#### [Required work]
A line qualifies if it holds the string "data". Copy every qualifying line from the records.

=== Section Start ===

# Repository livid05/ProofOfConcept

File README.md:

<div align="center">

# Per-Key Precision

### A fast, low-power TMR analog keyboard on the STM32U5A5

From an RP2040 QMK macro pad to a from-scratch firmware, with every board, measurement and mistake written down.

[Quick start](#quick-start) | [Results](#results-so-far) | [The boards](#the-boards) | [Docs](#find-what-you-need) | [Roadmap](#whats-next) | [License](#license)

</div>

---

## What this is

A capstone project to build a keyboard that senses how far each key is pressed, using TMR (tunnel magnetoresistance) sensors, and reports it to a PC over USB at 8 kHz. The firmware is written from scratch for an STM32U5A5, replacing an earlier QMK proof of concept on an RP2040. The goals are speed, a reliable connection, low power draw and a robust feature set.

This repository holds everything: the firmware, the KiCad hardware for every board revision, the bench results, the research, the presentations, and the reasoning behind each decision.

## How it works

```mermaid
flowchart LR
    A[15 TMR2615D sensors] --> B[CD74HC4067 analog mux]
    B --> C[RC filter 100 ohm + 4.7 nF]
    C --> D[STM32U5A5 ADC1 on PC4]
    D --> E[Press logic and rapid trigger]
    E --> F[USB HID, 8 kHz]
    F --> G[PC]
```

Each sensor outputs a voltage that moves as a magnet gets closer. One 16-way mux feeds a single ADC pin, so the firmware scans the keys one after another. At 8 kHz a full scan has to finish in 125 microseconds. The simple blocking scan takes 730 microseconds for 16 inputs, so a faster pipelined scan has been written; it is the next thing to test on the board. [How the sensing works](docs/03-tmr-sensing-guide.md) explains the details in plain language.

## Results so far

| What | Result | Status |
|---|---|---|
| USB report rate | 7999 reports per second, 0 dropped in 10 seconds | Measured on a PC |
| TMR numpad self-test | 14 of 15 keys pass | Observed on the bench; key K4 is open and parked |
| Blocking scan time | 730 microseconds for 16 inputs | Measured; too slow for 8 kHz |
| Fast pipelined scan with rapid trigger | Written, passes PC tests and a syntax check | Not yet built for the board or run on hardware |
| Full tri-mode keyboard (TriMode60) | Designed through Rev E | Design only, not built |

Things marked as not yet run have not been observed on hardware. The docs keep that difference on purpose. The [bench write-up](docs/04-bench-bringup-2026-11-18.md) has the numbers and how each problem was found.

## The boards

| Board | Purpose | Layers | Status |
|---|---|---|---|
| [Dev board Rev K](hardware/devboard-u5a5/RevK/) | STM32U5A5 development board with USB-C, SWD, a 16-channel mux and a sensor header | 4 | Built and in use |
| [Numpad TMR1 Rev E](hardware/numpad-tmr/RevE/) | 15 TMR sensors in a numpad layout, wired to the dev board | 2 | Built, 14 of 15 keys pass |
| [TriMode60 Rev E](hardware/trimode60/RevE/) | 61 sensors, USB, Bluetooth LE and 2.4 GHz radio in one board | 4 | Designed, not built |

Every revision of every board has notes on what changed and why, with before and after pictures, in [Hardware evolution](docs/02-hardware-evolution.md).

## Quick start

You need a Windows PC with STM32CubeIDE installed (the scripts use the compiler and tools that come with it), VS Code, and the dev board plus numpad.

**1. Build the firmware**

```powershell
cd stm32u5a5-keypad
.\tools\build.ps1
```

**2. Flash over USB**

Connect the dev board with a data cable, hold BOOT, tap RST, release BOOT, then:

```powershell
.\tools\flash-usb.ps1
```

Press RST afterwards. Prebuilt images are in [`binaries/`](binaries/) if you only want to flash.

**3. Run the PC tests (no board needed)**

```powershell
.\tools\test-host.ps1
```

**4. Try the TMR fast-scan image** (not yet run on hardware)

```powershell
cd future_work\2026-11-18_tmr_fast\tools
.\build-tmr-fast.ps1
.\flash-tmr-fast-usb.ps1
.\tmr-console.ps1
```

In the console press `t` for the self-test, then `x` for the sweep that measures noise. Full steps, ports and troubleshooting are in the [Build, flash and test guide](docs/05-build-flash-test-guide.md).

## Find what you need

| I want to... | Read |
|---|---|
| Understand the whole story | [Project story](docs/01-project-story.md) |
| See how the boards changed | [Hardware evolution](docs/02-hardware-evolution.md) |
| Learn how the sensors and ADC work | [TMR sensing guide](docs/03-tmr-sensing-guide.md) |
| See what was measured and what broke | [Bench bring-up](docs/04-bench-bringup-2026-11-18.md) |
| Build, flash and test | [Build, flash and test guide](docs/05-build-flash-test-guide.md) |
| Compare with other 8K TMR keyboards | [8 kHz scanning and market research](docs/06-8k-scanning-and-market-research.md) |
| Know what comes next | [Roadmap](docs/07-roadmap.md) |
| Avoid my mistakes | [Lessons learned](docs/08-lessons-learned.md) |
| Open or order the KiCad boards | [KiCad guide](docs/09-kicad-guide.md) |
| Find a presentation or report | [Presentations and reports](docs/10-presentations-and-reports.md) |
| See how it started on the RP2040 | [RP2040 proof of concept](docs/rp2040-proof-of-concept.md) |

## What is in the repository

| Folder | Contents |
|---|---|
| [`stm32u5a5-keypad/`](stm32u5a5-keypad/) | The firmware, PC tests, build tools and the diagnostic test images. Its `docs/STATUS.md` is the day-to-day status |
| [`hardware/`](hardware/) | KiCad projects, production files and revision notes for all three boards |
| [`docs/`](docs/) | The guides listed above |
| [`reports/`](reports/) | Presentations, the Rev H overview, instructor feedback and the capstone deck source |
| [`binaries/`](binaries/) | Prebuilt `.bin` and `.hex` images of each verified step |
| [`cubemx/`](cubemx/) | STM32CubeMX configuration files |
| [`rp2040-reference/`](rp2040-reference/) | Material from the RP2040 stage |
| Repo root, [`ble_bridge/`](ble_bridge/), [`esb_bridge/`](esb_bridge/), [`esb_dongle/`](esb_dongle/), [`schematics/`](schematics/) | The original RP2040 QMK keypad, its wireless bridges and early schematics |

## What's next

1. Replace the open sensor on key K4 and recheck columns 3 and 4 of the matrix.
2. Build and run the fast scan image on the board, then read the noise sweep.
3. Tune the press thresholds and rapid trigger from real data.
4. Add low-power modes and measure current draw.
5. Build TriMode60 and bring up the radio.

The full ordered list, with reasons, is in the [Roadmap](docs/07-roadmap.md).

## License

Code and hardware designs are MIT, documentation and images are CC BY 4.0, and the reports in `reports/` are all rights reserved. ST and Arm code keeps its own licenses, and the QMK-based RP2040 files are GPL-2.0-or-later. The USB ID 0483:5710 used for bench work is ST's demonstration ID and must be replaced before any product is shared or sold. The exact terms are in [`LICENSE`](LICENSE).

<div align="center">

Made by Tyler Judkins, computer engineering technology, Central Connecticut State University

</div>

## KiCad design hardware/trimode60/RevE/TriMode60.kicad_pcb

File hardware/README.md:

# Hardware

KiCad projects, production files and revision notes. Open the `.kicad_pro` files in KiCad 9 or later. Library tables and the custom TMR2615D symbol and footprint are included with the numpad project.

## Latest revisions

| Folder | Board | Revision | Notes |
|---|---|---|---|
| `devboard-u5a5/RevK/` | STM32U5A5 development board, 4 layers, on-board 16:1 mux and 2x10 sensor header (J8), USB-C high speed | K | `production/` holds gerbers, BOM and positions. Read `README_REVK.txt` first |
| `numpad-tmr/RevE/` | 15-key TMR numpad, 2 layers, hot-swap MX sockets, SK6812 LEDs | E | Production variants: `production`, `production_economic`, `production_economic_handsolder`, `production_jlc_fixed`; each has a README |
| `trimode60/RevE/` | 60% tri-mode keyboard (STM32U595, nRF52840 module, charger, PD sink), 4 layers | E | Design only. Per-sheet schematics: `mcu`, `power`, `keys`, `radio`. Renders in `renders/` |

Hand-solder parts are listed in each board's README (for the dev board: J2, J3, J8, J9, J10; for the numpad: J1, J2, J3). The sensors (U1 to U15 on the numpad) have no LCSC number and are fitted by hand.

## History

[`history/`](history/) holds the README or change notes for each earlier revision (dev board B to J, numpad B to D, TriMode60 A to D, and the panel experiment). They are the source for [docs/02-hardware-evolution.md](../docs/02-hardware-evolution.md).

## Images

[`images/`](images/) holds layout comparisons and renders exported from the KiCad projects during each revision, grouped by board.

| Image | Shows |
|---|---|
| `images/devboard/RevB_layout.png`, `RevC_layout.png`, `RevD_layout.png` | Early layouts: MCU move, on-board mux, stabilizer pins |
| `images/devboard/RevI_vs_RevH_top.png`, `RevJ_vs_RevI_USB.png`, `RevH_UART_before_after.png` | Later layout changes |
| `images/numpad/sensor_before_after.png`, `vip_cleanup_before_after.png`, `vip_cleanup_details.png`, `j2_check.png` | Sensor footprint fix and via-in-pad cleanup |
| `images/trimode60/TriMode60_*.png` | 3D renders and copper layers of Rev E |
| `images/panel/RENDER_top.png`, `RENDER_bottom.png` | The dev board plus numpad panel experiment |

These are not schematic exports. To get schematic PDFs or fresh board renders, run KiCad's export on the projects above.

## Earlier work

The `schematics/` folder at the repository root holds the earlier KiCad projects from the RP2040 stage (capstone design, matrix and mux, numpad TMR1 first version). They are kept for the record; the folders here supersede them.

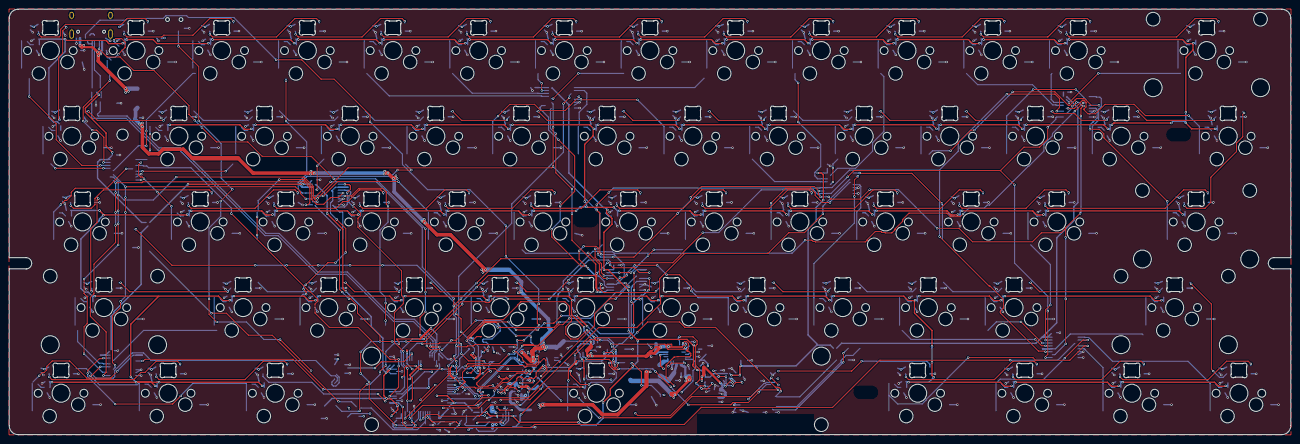
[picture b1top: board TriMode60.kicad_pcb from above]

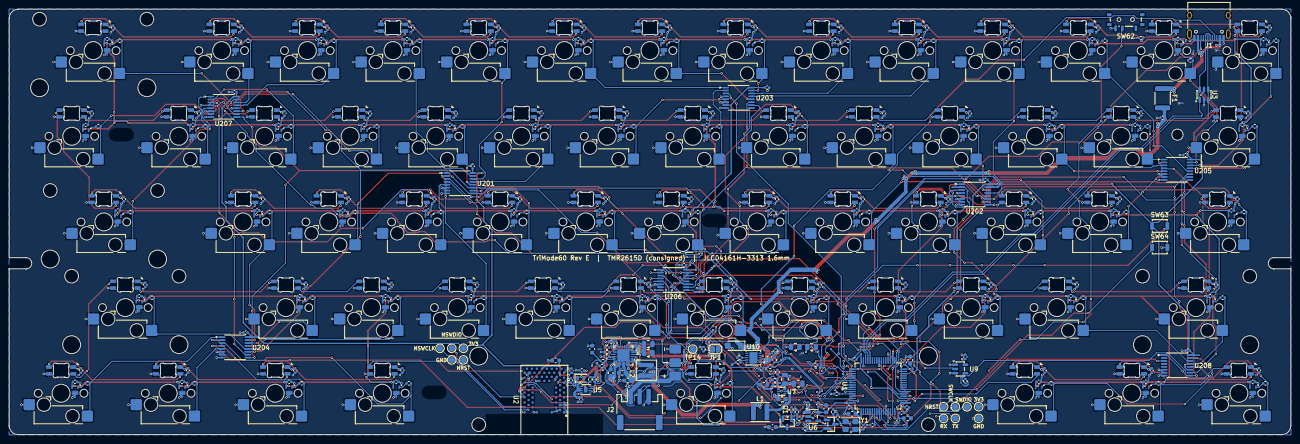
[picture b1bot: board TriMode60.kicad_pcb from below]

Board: 4 copper layers, 285.0 x 94.6 mm, 492 parts (483 on the bottom side), 252 nets.

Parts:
BAT_OUTLINE: LiPo 606090 4000mAh (fit check); Battery_LiPo_606090_Outline
C1, C2, C5, C6, C7, C25, C38, C44: 1uF; C_0402_1005Metric
C3, C4, C8, C9, C15, C32, C41: 10uF; C_0603_1608Metric
C10, C11, C13, C14: 22uF; C_0805_2012Metric
C20, C21, C22, C23, C26, C28, C31, C33, C37, C101, C102, C103, C104, C105, C106, C107, C108, C109, C110, C111, C112, C113, C114, C115, C116, C117, C118, C119, C120, C121, C122, C123, C124, C125, C126, C127, C128, C129, C130, C131, C132, C133, C134, C135, C136, C137, C138, C139, C140, C141, C142, C143, C144, C145, C146, C147, C148, C149, C150, C151, C152, C153, C154, C155, C156, C157, C158, C159, C160, C161, C201, C202, C203, C204, C205, C206, C207, C208, C209, C210, C211, C212, C213, C214, C215, C216, C217, C218, C219, C220, C221, C222, C223, C224, C225, C226, C227, C228, C229, C230, C231, C232, C233, C234, C235, C236, C237, C238, C239, C240, C241, C242, C243, C244, C245, C246, C247, C248, C249, C250, C251, C252, C253, C254, C255, C256, C257, C258, C259, C260, C261, C301, C302, C303, C304, C305, C306, C307, C308: 100nF; C_0402_1005Metric
C24, C27, C42: 4.7uF; C_0603_1608Metric
C29, C30: 12pF; C_0402_1005Metric
C34, C35: 20pF; C_0402_1005Metric
C36: 150pF; C_0603_1608Metric
C39, C40: 10uF 25V; C_0805_2012Metric
C43: 47nF; C_0402_1005Metric
D1, D2, D3, D4, D5, D6, D7, D8, D9, D10, D11, D12, D13, D14, D15, D16, D17, D18, D19, D20, D21, D22, D23, D24, D25, D26, D27, D28, D29, D30, D31, D32, D33, D34, D35, D36, D37, D38, D39, D40, D41, D42, D43, D44, D45, D46, D47, D48, D49, D50, D51, D52, D53, D54, D55, D56, D57, D58, D59, D60, D61: SK6812MINI-E; LED_SK6812MINI-E_Reverse
D62: BAT54C; SOT-23
D63: SMF12A; D_SMF
F1: PTC 3A hold; Fuse_1812_4532Metric
FB1: 600R@100MHz; L_0603_1608Metric
H1: MountingHole_2.5mm_NPTH
H2, H3, H4: MountingSlot_5.0x2.5mm_NPTH
J1: USB-C 16P; USB_C_Receptacle_HRO_TYPE-C-31-M-12
J2: Battery JST-PH 3P; JST_PH_S3B-PH-SM4-TB_1x03-1MP_P2.00mm_Horizontal
J3: Battery pads; Battery_SolderPads_3x
JP1: NTC bypass; SolderJumper-2_P1.3mm_Open_RoundedPad1.0x1.5mm
L1: 1uH 3.2A; L_Changjiang_FNR4020S
L2: 1uH 8.7A; L_Coilcraft_XAL4020-XXX
Q1: AO3401A; SOT-23
R3: 150R 1%; R_0402_1005Metric
R4: 5.23k 1%; R_0402_1005Metric
R5: 30.1k 1%; R_0402_1005Metric
R6, R18, R19, R28: 100k; R_0402_1005Metric
R7, R22, R24, R27, R32: 10k; R_0402_1005Metric
R10, R11: 4.7k; R_0402_1005Metric
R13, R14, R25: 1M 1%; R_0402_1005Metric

=== Section End ===

#### [Answer to the problem]
Connect the dev board with a data cable, hold BOOT, tap RST, release BOOT, then:
3. Tune the press thresholds and rapid trigger from real data.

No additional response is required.